## PROMPT
The lines to output run from the first line of the entries below through the line containing "#15=CARTESIAN_POINT('',(0.,0.,0.));"; copy them exactly and leave out pictures.

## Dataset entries
"""
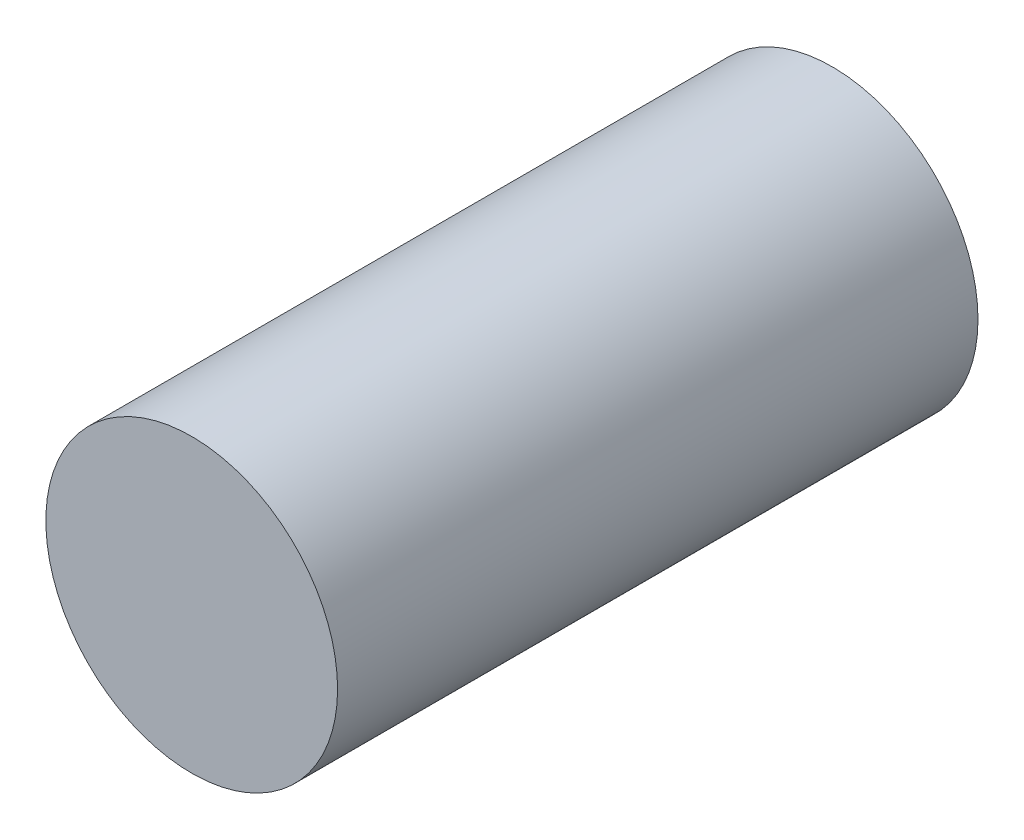
ISO-10303-21;
HEADER;
FILE_DESCRIPTION(('STEP AP214'),'2;1');
FILE_NAME('part.step','',(''),(''),'','','');
FILE_SCHEMA(('AUTOMOTIVE_DESIGN { 1 0 10303 214 1 1 1 1 }'));
ENDSEC;
DATA;
#1=APPLICATION_CONTEXT('core data for automotive mechanical design processes');
#2=APPLICATION_PROTOCOL_DEFINITION('international standard','automotive_design',2000,#1);
#3=PRODUCT_CONTEXT('',#1,'mechanical');
#4=PRODUCT('Part','Part','',(#3));
#5=PRODUCT_RELATED_PRODUCT_CATEGORY('part','',(#4));
#6=PRODUCT_DEFINITION_FORMATION('','',#4);
#7=PRODUCT_DEFINITION_CONTEXT('part definition',#1,'design');
#8=PRODUCT_DEFINITION('design','',#6,#7);
#9=PRODUCT_DEFINITION_SHAPE('','',#8);
#10=(LENGTH_UNIT() NAMED_UNIT(*) SI_UNIT(.MILLI.,.METRE.));
#11=(NAMED_UNIT(*) PLANE_ANGLE_UNIT() SI_UNIT($,.RADIAN.));
#12=(NAMED_UNIT(*) SI_UNIT($,.STERADIAN.) SOLID_ANGLE_UNIT());
#13=UNCERTAINTY_MEASURE_WITH_UNIT(LENGTH_MEASURE(1.E-05),#10,'distance_accuracy_value','');
#14=(GEOMETRIC_REPRESENTATION_CONTEXT(3) GLOBAL_UNCERTAINTY_ASSIGNED_CONTEXT((#13)) GLOBAL_UNIT_ASSIGNED_CONTEXT((#10,
#11,#12)) REPRESENTATION_CONTEXT('',''));
#15=CARTESIAN_POINT('',(0.,0.,0.));
#16=DIRECTION('',(0.,0.,1.));
#17=DIRECTION('',(1.,0.,0.));
#18=AXIS2_PLACEMENT_3D('',#15,#16,#17);
#19=CARTESIAN_POINT('',(2.54,-1.27,0.1));
#20=DIRECTION('',(0.,0.,1.));
#21=DIRECTION('',(1.,0.,0.));
#22=AXIS2_PLACEMENT_3D('',#19,#20,#21);
#23=PLANE('',#22);
#24=CARTESIAN_POINT('',(2.54,-1.27,0.1));
#25=DIRECTION('',(0.,0.,1.));
#26=DIRECTION('',(1.,0.,0.));
#27=AXIS2_PLACEMENT_3D('',#24,#25,#26);
#28=CIRCLE('',#27,0.41);
#29=CARTESIAN_POINT('',(2.95,-1.27,0.1));
#30=VERTEX_POINT('',#29);
#31=EDGE_CURVE('E17',#30,#30,#28,.F.);
#32=ORIENTED_EDGE('',*,*,#31,.F.);
#33=EDGE_LOOP('',(#32));
#34=FACE_BOUND('',#33,.T.);
#35=ADVANCED_FACE('F14',(#34),#23,.T.);
#36=CARTESIAN_POINT('',(2.54,-1.27,-1.7));
#37=DIRECTION('',(0.,0.,1.));
#38=DIRECTION('',(1.,0.,0.));
#39=AXIS2_PLACEMENT_3D('',#36,#37,#38);
#40=PLANE('',#39);
#41=CARTESIAN_POINT('',(2.54,-1.27,-1.7));
#42=DIRECTION('',(0.,0.,1.));
#43=DIRECTION('',(1.,0.,0.));
#44=AXIS2_PLACEMENT_3D('',#41,#42,#43);
#45=CIRCLE('',#44,0.41);
#46=CARTESIAN_POINT('',(2.95,-1.27,-1.7));
#47=VERTEX_POINT('',#46);
#48=EDGE_CURVE('E10',#47,#47,#45,.T.);
#49=ORIENTED_EDGE('',*,*,#48,.F.);
#50=EDGE_LOOP('',(#49));
#51=FACE_BOUND('',#50,.T.);
#52=ADVANCED_FACE('F29',(#51),#40,.F.);
#53=CARTESIAN_POINT('',(2.54,-1.27,-1.7));
#54=DIRECTION('',(0.,0.,1.));
#55=DIRECTION('',(1.,0.,0.));
#56=AXIS2_PLACEMENT_3D('',#53,#54,#55);
#57=CYLINDRICAL_SURFACE('',#56,0.41);
#58=ORIENTED_EDGE('',*,*,#48,.T.);
#59=EDGE_LOOP('',(#58));
#60=FACE_BOUND('',#59,.T.);
#61=ORIENTED_EDGE('',*,*,#31,.T.);
#62=EDGE_LOOP('',(#61));
#63=FACE_BOUND('',#62,.T.);
#64=ADVANCED_FACE('F26',(#60,#63),#57,.T.);
#65=CLOSED_SHELL('',(#35,#52,#64));
#66=MANIFOLD_SOLID_BREP('B1',#65);
#67=ADVANCED_BREP_SHAPE_REPRESENTATION('',(#18,#66),#14);
#68=SHAPE_DEFINITION_REPRESENTATION(#9,#67);
ENDSEC;
END-ISO-10303-21;
"""
## OUTPUT
ISO-10303-21;
HEADER;
FILE_DESCRIPTION(('STEP AP214'),'2;1');
FILE_NAME('part.step','',(''),(''),'','','');
FILE_SCHEMA(('AUTOMOTIVE_DESIGN { 1 0 10303 214 1 1 1 1 }'));
ENDSEC;
DATA;
#1=APPLICATION_CONTEXT('core data for automotive mechanical design processes');
#2=APPLICATION_PROTOCOL_DEFINITION('international standard','automotive_design',2000,#1);
#3=PRODUCT_CONTEXT('',#1,'mechanical');
#4=PRODUCT('Part','Part','',(#3));
#5=PRODUCT_RELATED_PRODUCT_CATEGORY('part','',(#4));
#6=PRODUCT_DEFINITION_FORMATION('','',#4);
#7=PRODUCT_DEFINITION_CONTEXT('part definition',#1,'design');
#8=PRODUCT_DEFINITION('design','',#6,#7);
#9=PRODUCT_DEFINITION_SHAPE('','',#8);
#10=(LENGTH_UNIT() NAMED_UNIT(*) SI_UNIT(.MILLI.,.METRE.));
#11=(NAMED_UNIT(*) PLANE_ANGLE_UNIT() SI_UNIT($,.RADIAN.));
#12=(NAMED_UNIT(*) SI_UNIT($,.STERADIAN.) SOLID_ANGLE_UNIT());
#13=UNCERTAINTY_MEASURE_WITH_UNIT(LENGTH_MEASURE(1.E-05),#10,'distance_accuracy_value','');
#14=(GEOMETRIC_REPRESENTATION_CONTEXT(3) GLOBAL_UNCERTAINTY_ASSIGNED_CONTEXT((#13)) GLOBAL_UNIT_ASSIGNED_CONTEXT((#10,
#11,#12)) REPRESENTATION_CONTEXT('',''));
#15=CARTESIAN_POINT('',(0.,0.,0.));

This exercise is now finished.